Combined with the fierce Allied resistance in France, the ability of Russia’s huge war machine to
mobilize relatively quickly in the east ensured a longer, more grueling conflict instead of the
quick victory Germany had hoped to win with the Schlieffen Plan.

Over the next two years, the Russian army mounted several offensives on the Eastern Front but
were unable to break through German lines. Defeat on the battlefield fed the growing discontent
among the bulk of Russia’s population, especially the poverty-stricken workers and peasants, and
its hostility towards the imperial regime. This discontent culminated in the Russian Revolution of
1917, spearheaded by Vladimir Lenin and the Bolsheviks. One of Lenin’s first actions as leader
was to call a halt to Russian participation in World War I. Russia reached an armistice with the
Central Powers in early December 1917, freeing German troops to face the other Allies on the
Western Front.
Gallipoli Campaign (1915-16) and Battles of the Isonzo (1915-17)

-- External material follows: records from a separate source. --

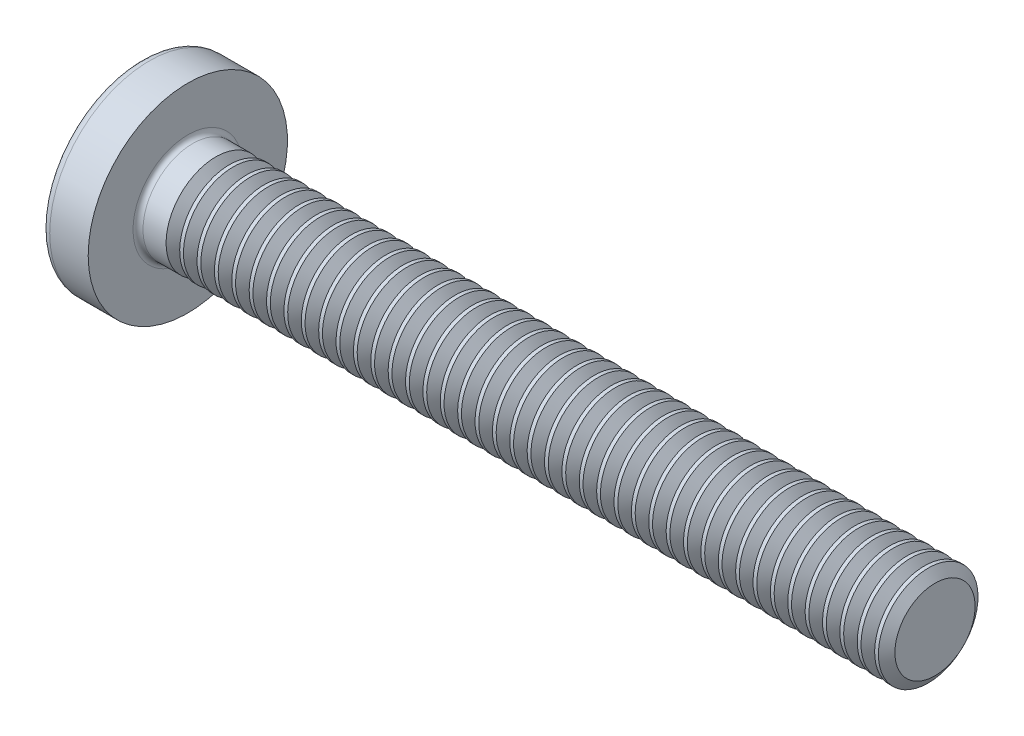
from build123d import *

# Parameters (mm, degrees)
FILLET1_R       = 0.2
RECPAT_COUNT    = 2
RECPAT_ANGLE    = 90
THDSCHPAT_COUNT = 42
THDSCHPAT_PITCH = 0.697560976


with BuildPart() as part:
    # BodySke → Base-Revolve (revolve)
    with BuildSketch(Plane.XY, mode=Mode.PRIVATE) as base_revolve_sk:
        with BuildLine():
            Line((3.1, 2), (3.1, 4))
            Line((3.1, 4), (1.555305874, 4))
            ThreePointArc((1.555305874, 4), (1.392873227, 3.961271902), (1.265388955, 3.853420195))
            ThreePointArc((1.265388955, 3.853420195), (0.324444487, 2.027933456), (0, 0))
            Line((0, 0), (33.1, 0))
            Line((33.1, 0), (33.1, 2))
            Line((33.1, 2), (3.1, 2))
        make_face()
    revolve(base_revolve_sk.sketch.rotate(Axis((1.555305874, 0, 0), (1, 0, 0)), 90), axis=Axis((1.555305874, 0, 0), (1, 0, 0)))

    # Fillet1
    fillet1_edges = [part.edges().sort_by_distance(p)[0] for p in [
        (3.1, 0, -2),
    ]]
    fillet(fillet1_edges, radius=FILLET1_R)

    # Sketch3 → Recess section 0
    with BuildSketch(Plane(origin=(0, 0, 0), x_dir=(0, 0, -1), z_dir=(1, 0, 0))):
        with BuildLine():
            Line((0.515, -2.15), (-0.515, -2.15))
            Line((-0.515, -2.15), (-0.515, 2.15))
            Line((-0.515, 2.15), (0.515, 2.15))
            Line((0.515, 2.15), (0.515, -2.15))
        make_face()
    # Sketch4 → Recess section 1
    with BuildSketch(Plane(origin=(2.34, 0, 0), x_dir=(0, 0, -1), z_dir=(1, 0, 0))):
        with BuildLine():
            Line((0.515, -0.983319232), (-0.515, -0.983319232))
            Line((-0.515, -0.983319232), (-0.515, 0.983319232))
            Line((-0.515, 0.983319232), (0.515, 0.983319232))
            Line((0.515, 0.983319232), (0.515, -0.983319232))
        make_face()
    recess = loft(mode=Mode.SUBTRACT)

    # RecPat: Recess ×2 about axis
    recpat_axis = Axis((0, 0, 0), (1, 0, 0))
    for i in range(1, RECPAT_COUNT):
        add(recess.rotate(recpat_axis, i * RECPAT_ANGLE / (RECPAT_COUNT - 1)), mode=Mode.SUBTRACT)

    # RecCorSke → RecessCore (revolve, cut)
    with BuildSketch(Plane.XY, mode=Mode.PRIVATE) as recesscore_sk:
        Polygon((0, 0), (0, 1.01462874), (2.34, 0.851), (2.616506661, 0), align=None)
    revolve(recesscore_sk.sketch.rotate(Axis((-3.175, 0, 0), (1, 0, 0)), 14.547591759), axis=Axis((-3.175, 0, 0), (1, 0, 0)), mode=Mode.SUBTRACT)

    # ThdSchSke → ThreadSchematic (revolve, cut)
    with BuildSketch(Plane.XY, mode=Mode.PRIVATE) as threadschematic_sk:
        Polygon((4.5, -1.61), (4.22691906, -2), (4.22691906, -2.5), (4.77308094, -2.5), (4.77308094, -2), align=None)
    threadschematic = revolve(threadschematic_sk.sketch.rotate(Axis((-3.175, 0, 0), (1, 0, 0)), 270), axis=Axis((-3.175, 0, 0), (1, 0, 0)), mode=Mode.SUBTRACT)

    # ThdSchPat: ThreadSchematic ×42
    with Locations(*[(i * THDSCHPAT_PITCH, 0, 0) for i in range(1, THDSCHPAT_COUNT)]):
        add(threadschematic, mode=Mode.SUBTRACT)


solid = part.part

With World War I having effectively settled into a stalemate in Europe, the Allies attempted to
score a victory against the Ottoman Empire, which had entered the conflict on the side of the
Central Powers in late 1914. After a failed attack on the Dardanelles (the strait linking the Sea of
Marmara with the Aegean Sea), Allied forces led by Britain launched a large-scale land invasion
of the Gallipoli Peninsula in April 1915. The invasion also proved a dismal failure, and in
January 1916 Allied forces were forced to stage a full retreat from the shores of the peninsula,
after suffering 250,000 casualties.

British-led forces also combated the Turks in Egypt and Mesopotamia, while in northern Italy
Austrian and Italian troops faced off in a series of 12 battles along the Isonzo River, located at
the border between the two nations. The First Battle of the Isonzo took place in the late spring of
1915, soon after Italy’s entrance into the war on the Allied side; in the Twelfth Battle of the
Isonzo, or the Battle of Caporetto (October 1917), German reinforcements helped Austria-
Hungary win a decisive victory. After Caporetto, Italy’s allies jumped in to offer increased
assistance. British and French–and later American–troops arrived in the region, and the Allies
began to take back the initiative on the Italian Front.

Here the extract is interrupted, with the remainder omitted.